Cuando Pedro Carrillo se convirtió en Pete Carril
Pensilvania es un rectángulo casi perfecto. Uno de esos estados tirados con escuadra y cartabón producto del funcionalismo de los padres fundadores de los Estados Unidos. Fue William Penn el que tomó posesión de esas tierras en nombre del rey de Inglaterra y fue en Pensilvania, concretamente en su capital Philadelphia, donde los descendientes de aquel cuáquero inglés firmaron la Declaración de la Independencia y constituyeron los Estados Unidos de América.
Pensilvania era lugar de profundos bosques (Penn + selva) y generosos pastos. Pero con los años Pensilvania se convertiría en uno de los ejes del rápido crecimiento del país gracias a su industria pesada. La ciudad del acero por excelencia era Pittsburg, urbe situada al oeste del estado. Ahora sin humos, revela un paisaje de fábricas abandonadas de cristal y acero.

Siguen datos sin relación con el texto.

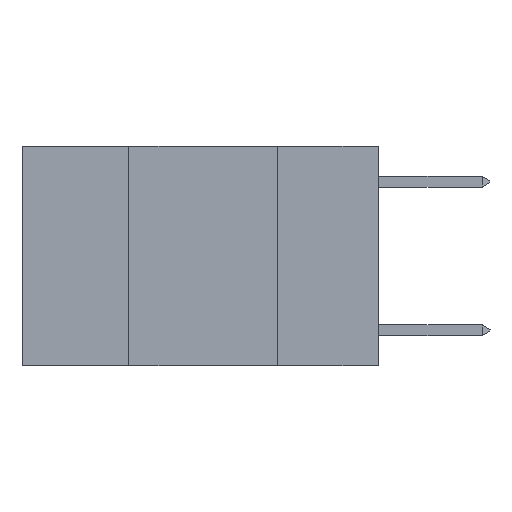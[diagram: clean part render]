
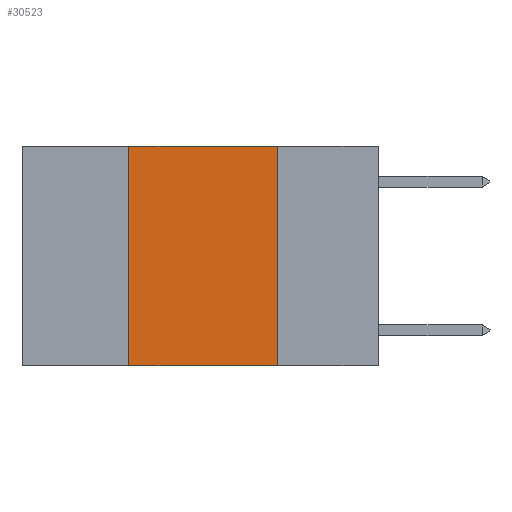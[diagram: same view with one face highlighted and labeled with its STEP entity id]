
A CAD part, left-side view. The second image highlights one B-rep face of the part: STEP entity #30523.
In plain terms, the highlighted planar face has unit normal (-1, 0, 0).
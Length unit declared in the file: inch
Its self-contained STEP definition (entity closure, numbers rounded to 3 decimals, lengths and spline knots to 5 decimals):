
#698 = LINE ( 'NONE', #8216, #1881 ) ;
#1416 = EDGE_CURVE ( 'NONE', #28113, #27179, #698, .T. ) ;
#1800 = CARTESIAN_POINT ( 'NONE',  ( 0., 0.6, -0.37 ) ) ;
#1881 = VECTOR ( 'NONE', #5550, 39.37008 ) ;
#3535 = DIRECTION ( 'NONE',  ( 0., 0., -1. ) ) ;
#3856 = DIRECTION ( 'NONE',  ( 1., 0., 0. ) ) ;
#5550 = DIRECTION ( 'NONE',  ( 0., 0., -1. ) ) ;
#7070 = VECTOR ( 'NONE', #28687, 39.37008 ) ;
#8205 = VERTEX_POINT ( 'NONE', #21524 ) ;
#8216 = CARTESIAN_POINT ( 'NONE',  ( 0., 0.17, 0. ) ) ;
#8873 = PLANE ( 'NONE',  #18239 ) ;
#11137 = EDGE_CURVE ( 'NONE', #8205, #27179, #23069, .T. ) ;
#12456 = CARTESIAN_POINT ( 'NONE',  ( 0., 0.42, 0. ) ) ;
#12877 = VECTOR ( 'NONE', #31032, 39.37008 ) ;
#13132 = LINE ( 'NONE', #18493, #7070 ) ;
#13974 = ORIENTED_EDGE ( 'NONE', *, *, #1416, .F. ) ;
#14661 = ORIENTED_EDGE ( 'NONE', *, *, #11137, .T. ) ;
#15012 = ORIENTED_EDGE ( 'NONE', *, *, #23699, .F. ) ;
#15222 = EDGE_LOOP ( 'NONE', ( #13974, #15012, #20374, #14661 ) ) ;
#16258 = FACE_OUTER_BOUND ( 'NONE', #15222, .T. ) ;
#18239 = AXIS2_PLACEMENT_3D ( 'NONE', #31462, #3856, #3535 ) ;
#18250 = CARTESIAN_POINT ( 'NONE',  ( 0., 0.17, -0.37 ) ) ;
#18493 = CARTESIAN_POINT ( 'NONE',  ( 0., 0.6, 0. ) ) ;
#20374 = ORIENTED_EDGE ( 'NONE', *, *, #22337, .F. ) ;
#21315 = LINE ( 'NONE', #28681, #12877 ) ;
#21524 = CARTESIAN_POINT ( 'NONE',  ( 0., 0.42, -0.37 ) ) ;
#22337 = EDGE_CURVE ( 'NONE', #8205, #31790, #21315, .T. ) ;
#23069 = LINE ( 'NONE', #1800, #28010 ) ;
#23699 = EDGE_CURVE ( 'NONE', #31790, #28113, #13132, .T. ) ;
#25864 = CARTESIAN_POINT ( 'NONE',  ( 0., 0.17, 0. ) ) ;
#27179 = VERTEX_POINT ( 'NONE', #18250 ) ;
#28010 = VECTOR ( 'NONE', #30262, 39.37008 ) ;
#28113 = VERTEX_POINT ( 'NONE', #25864 ) ;
#28681 = CARTESIAN_POINT ( 'NONE',  ( 0., 0.42, 0. ) ) ;
#28687 = DIRECTION ( 'NONE',  ( 0., -1., 0. ) ) ;
#30262 = DIRECTION ( 'NONE',  ( 0., -1., 0. ) ) ;
#30523 = ADVANCED_FACE ( 'NONE', ( #16258 ), #8873, .F. ) ;
#31032 = DIRECTION ( 'NONE',  ( 0., 0., 1. ) ) ;
#31462 = CARTESIAN_POINT ( 'NONE',  ( 0., 0.6, 0. ) ) ;
#31790 = VERTEX_POINT ( 'NONE', #12456 ) ;

Pittsburgh era la más conocida de esas ciudades que comenzaron brillando con el siglo XX y acabaron en la penumbra en el XXI. Otra de ellas era Bethlehem (Belén), situada en la otra punta de Pensilvania y lugar donde se asentaba la acería más grande de Norteamérica. Allí, en su época de esplendor, llegaron a censarse ciudadanos de más de ochenta países diferentes, todos emigrados en busca de un futuro mejor.
Entre esos miles y miles de extranjeros los había españoles. Uno de ellos era de Riaño, León, pueblito a los pies de los Picos de Europa. Pronto encontró trabajo en la acería. Había centenares de trabajadores españoles en Bethlehem y estaban muy bien valorados porque no protestaban (quizás también porque no sabían el idioma) y la mayoría tenían experiencia en los altos hornos vizcaínos o en las minas asturianas. De hecho, aquel leonés se había casado con una salmantina cuando trabajaba en los Altos Hornos de Bilbao.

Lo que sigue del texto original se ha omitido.